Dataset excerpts
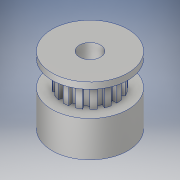
# Autodesk Inventor part: T2.5 16T Pulley
Saved by Autodesk Inventor 2018 (Build 220112000, 112)
## iProperties
Created: 2013-10-02
Part Number: T2.5 16T Pulley
Material: Aluminum 6061
Document SubType Name: Modeling
Designer: Gabriel Smolnycki
Mass: 7.79265 g
Surface Area: 19.9041 cm^2
Volume: 2.88617 cm^3
Density: 2.7 g/cm^3
Appearance: Aluminum - Flat
Sending System: SolidWorks 2017
Last Author: Gabriel Smolnycki
Last Saved: 2017-09-14
Author: Gabriel Smolnycki
Autodesk Inventor part; units mm, degrees
ref_plane "YZ Plane" through (0, 0, 0) normal (1, 0, 0) x (0, 1, 0)
ref_plane "XY Plane" through (0, 0, 0) normal (0, 0, 1) x (1, 0, 0)
ref_plane "Work Plane1" through (0, 16, 0) normal (0, 1, 0) x (-1, 0, 0)
sketch "Sketch1" plane through (0, 16, 0) normal (0, 1, 0) x (-1, 0, 0)
  circle A0 centre (0, 0) radius 9
  constraints: 1 centre point
extrude "Extrusion3" add sketch "Sketch1" against normal blind 16
ref_plane "Work Plane2" through (0, 14.5, 0) normal (0, 1, 0) x (-1, 0, 0)
sketch "Sketch2" plane through (0, 14.5, 0) normal (0, 1, 0) x (-1, 0, 0)
  arc A0 (4.4703, 2.987) -> (3.8017, 3.8017) centre (0, 0) ccw
  line L0 (2.987, -4.4703) -> (3.5426, -5.3018)
  arc A1 (-5.8911, -2.4402) -> (-5.3018, -3.5426) centre (0, 0) ccw
  line L1 (-2.4402, 5.8911) -> (-2.0575, 4.9672)
  line L2 (2.987, 4.4703) -> (3.5426, 5.3018)
  arc A2 (4.5088, -4.5088) -> (5.3018, -3.5426) centre (0, 0) ccw
  line L3 (-4.5088, -4.5088) -> (-3.8017, -3.8017)
  arc A3 (-2.987, 4.4703) -> (-3.8017, 3.8017) centre (0, 0) ccw
  arc A4 (2.4402, 5.8911) -> (1.244, 6.2539) centre (0, 0) ccw
  line L4 (5.8911, -2.4402) -> (4.9672, -2.0575)
  arc A5 (-2.987, -4.4703) -> (-2.0575, -4.9672) centre (0, 0) ccw
  line L5 (-4.4703, 2.987) -> (-5.3018, 3.5426)
  line L6 (0, 6.3764) -> (0, 5.3764)
  arc A6 (5.2731, -1.0489) -> (5.3764, 0) centre (0, 0) ccw
  line L7 (-1.0489, -5.2731) -> (-1.244, -6.2539)
  arc A7 (-5.8911, 2.4402) -> (-6.2539, 1.244) centre (0, 0) ccw
  line L8 (5.2731, 1.0489) -> (6.2539, 1.244)
  arc A8 (0, -6.3764) -> (1.244, -6.2539) centre (0, 0) ccw
  line L9 (-6.3764, 0) -> (-5.3764, 0)
  arc A9 (5.8911, 2.4402) -> (5.3018, 3.5426) centre (0, 0) ccw
  line L10 (2.4402, -5.8911) -> (2.0575, -4.9672)
  arc A10 (-5.2731, -1.0489) -> (-4.9672, -2.0575) centre (0, 0) ccw
  line L11 (-1.0489, 5.2731) -> (-1.244, 6.2539)
  line L12 (4.5088, 4.5088) -> (3.8017, 3.8017)
  arc A11 (2.987, -4.4703) -> (3.8017, -3.8017) centre (0, 0) ccw
  line L13 (-4.4703, -2.987) -> (-5.3018, -3.5426)
  arc A12 (-2.4402, 5.8911) -> (-3.5426, 5.3018) centre (0, 0) ccw
  arc A13 (2.987, 4.4703) -> (2.0575, 4.9672) centre (0, 0) ccw
  line L14 (4.4703, -2.987) -> (5.3018, -3.5426)
  arc A14 (-4.5088, -4.5088) -> (-3.5426, -5.3018) centre (0, 0) ccw
  line L15 (-4.5088, 4.5088) -> (-3.8017, 3.8017)
  line L16 (1.0489, 5.2731) -> (1.244, 6.2539)
  arc A15 (5.8911, -2.4402) -> (6.2539, -1.244) centre (0, 0) ccw
  line L17 (-2.4402, -5.8911) -> (-2.0575, -4.9672)
  arc A16 (-4.4703, 2.987) -> (-4.9672, 2.0575) centre (0, 0) ccw
  arc A17 (0, 6.3764) -> (-1.244, 6.2539) centre (0, 0) ccw
  line L18 (6.3764, 0) -> (5.3764, 0)
  arc A18 (-1.0489, -5.2731) -> (0, -5.3764) centre (0, 0) ccw
  line L19 (-5.2731, 1.0489) -> (-6.2539, 1.244)
  arc A19 (5.2731, 1.0489) -> (4.9672, 2.0575) centre (0, 0) ccw
  line L20 (1.0489, -5.2731) -> (1.244, -6.2539)
  arc A20 (-6.3764, 0) -> (-6.2539, -1.244) centre (0, 0) ccw
  line L21 (4.4703, 2.987) -> (5.3018, 3.5426)
  arc A21 (2.4402, -5.8911) -> (3.5426, -5.3018) centre (0, 0) ccw
  line L22 (-5.8911, -2.4402) -> (-4.9672, -2.0575)
  arc A22 (-1.0489, 5.2731) -> (-2.0575, 4.9672) centre (0, 0) ccw
  arc A23 (4.5088, 4.5088) -> (3.5426, 5.3018) centre (0, 0) ccw
  line L23 (4.5088, -4.5088) -> (3.8017, -3.8017)
  arc A24 (-4.4703, -2.987) -> (-3.8017, -3.8017) centre (0, 0) ccw
  line L24 (-2.987, 4.4703) -> (-3.5426, 5.3018)
  line L25 (2.4402, 5.8911) -> (2.0575, 4.9672)
  arc A25 (4.4703, -2.987) -> (4.9672, -2.0575) centre (0, 0) ccw
  line L26 (-2.987, -4.4703) -> (-3.5426, -5.3018)
  arc A26 (-4.5088, 4.5088) -> (-5.3018, 3.5426) centre (0, 0) ccw
  arc A27 (1.0489, 5.2731) -> (0, 5.3764) centre (0, 0) ccw
  line L27 (5.2731, -1.0489) -> (6.2539, -1.244)
  arc A28 (-2.4402, -5.8911) -> (-1.244, -6.2539) centre (0, 0) ccw
  line L28 (-5.8911, 2.4402) -> (-4.9672, 2.0575)
  circle A29 centre (0, 0) radius 9
  arc A30 (6.3764, 0) -> (6.2539, 1.244) centre (0, 0) ccw
  line L29 (0, -6.3764) -> (0, -5.3764)
  arc A31 (-5.2731, 1.0489) -> (-5.3764, 0) centre (0, 0) ccw
  line L30 (5.8911, 2.4402) -> (4.9672, 2.0575)
  arc A32 (1.0489, -5.2731) -> (2.0575, -4.9672) centre (0, 0) ccw
  line L31 (-5.2731, -1.0489) -> (-6.2539, -1.244)
  constraints: 64 end point, 64 point on circle, 33 centre point, 31 equal length, 16 collinear, 7 perpendicular, 2 horizontal, 2 vertical
extrude "Extrusion2" cut sketch "Sketch2" against normal blind 6
sketch "Sketch3" plane through (0, 0, 0) normal (0, 1, 0) x (-1, 0, 0)
  circle A0 centre (0, 0) radius 2.5
  constraints: 1 centre point
extrude "Extrusion1" cut sketch "Sketch3" along normal blind 16
body "Solid3"

* **WHAT TO WORK ON**: In the entries above, identify every line with the word "blind". Copy those lines.

* **THE COMPLETED TASK**:
extrude "Extrusion3" add sketch "Sketch1" against normal blind 16
extrude "Extrusion2" cut sketch "Sketch2" against normal blind 6
extrude "Extrusion1" cut sketch "Sketch3" along normal blind 16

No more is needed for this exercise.